To collect samples for the determination of total mercury (THg), which is comprised of all gas-phase and particulate atmospheric species, a new ultra-clean Teflon line is inserted directly into the area of interest. A Fluegas Sorbent Total Mercury (FSTM) dry sorbent trap, specially designed and developed by Frontier GeoSciences, is heated to prevent moisture condensation and attached to the sampling line followed by a silica gel moisture trap to protect the flow meter and gas volume totalizer unit which pull gas through the trap. The FSTM trap is then shipped to our laboratory for analysis.

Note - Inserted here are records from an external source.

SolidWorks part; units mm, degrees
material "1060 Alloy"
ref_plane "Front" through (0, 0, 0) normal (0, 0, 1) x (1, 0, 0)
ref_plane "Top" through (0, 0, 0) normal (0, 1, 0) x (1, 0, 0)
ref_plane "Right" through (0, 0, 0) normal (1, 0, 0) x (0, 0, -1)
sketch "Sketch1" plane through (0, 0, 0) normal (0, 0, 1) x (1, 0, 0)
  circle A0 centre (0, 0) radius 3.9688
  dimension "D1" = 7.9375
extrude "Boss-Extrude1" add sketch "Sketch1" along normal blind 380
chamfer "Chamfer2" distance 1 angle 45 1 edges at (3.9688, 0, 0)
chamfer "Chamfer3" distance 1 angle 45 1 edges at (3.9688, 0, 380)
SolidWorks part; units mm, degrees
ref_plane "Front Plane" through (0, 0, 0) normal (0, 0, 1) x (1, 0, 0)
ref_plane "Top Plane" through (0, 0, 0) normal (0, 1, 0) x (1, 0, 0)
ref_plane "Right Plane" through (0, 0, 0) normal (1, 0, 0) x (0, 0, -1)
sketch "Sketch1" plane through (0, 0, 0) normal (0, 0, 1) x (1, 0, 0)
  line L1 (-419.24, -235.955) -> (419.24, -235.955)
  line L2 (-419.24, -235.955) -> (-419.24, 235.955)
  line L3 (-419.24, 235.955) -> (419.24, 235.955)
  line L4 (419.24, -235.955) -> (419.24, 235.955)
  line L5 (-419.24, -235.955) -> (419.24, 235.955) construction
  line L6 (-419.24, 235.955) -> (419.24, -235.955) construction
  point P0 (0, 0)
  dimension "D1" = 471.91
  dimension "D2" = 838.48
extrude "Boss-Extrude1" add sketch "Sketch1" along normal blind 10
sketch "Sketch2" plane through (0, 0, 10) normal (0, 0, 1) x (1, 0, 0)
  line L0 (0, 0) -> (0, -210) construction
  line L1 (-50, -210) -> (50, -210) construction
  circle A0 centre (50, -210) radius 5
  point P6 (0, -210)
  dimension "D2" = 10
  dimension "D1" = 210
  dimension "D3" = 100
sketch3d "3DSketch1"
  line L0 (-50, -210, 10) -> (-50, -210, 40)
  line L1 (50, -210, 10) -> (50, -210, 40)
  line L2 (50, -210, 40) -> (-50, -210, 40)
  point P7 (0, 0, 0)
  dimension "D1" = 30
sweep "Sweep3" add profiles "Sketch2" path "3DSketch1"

EPA Method 1631 for the determination of ultra-trace mercury was developed, co-authored, and validated by Frontier GeoSciences. Upon receipt, the FSTM traps are leached of mercury using hot-refluxing HNO₃/H₂SO₄and oxidized with a 0.01 N BrCl solution. An aliquot of the leachate is placed in a sparging vessel with SnCl₂ to reduce the mercury to volatile species and purged with a stream of dry nitrogen onto a gold trap which is placed in an analytical train. Via thermal desorption, mercury is captured by an analytical gold trap which is then heated to release the mercury for measurement by cold vapor atomic fluorescence spectroscopy (CVAFS).

Frontier GeoSciences also possesses the capability to measure the concentration of elemental mercury in the field in real time. The Lumex RA915+ Elemental Gaseous Mercury analyzer has been used to characterize fugitive landfill emissions across the country. We have performed sweeps across landfill grounds to determine if and where elemental mercury emissions occur. Measurements are performed across both the active and closed areas of the landfill including leachate ponds, groundwater holding ponds, and drainage ditches.

Data is recorded as three ten-second averages with an average value for the entire thirty-second period. In addition to these capabilities, the Lumex can be set up to determine mercury fluctuations from a single area over a long period. This is useful in the study of a single location such as a transfer station where the potential for mercury emissions is high. It is also possible to configure the instrument to determine complex flux measurements, allowing the calculation of the rate of mercury emission from a given point source.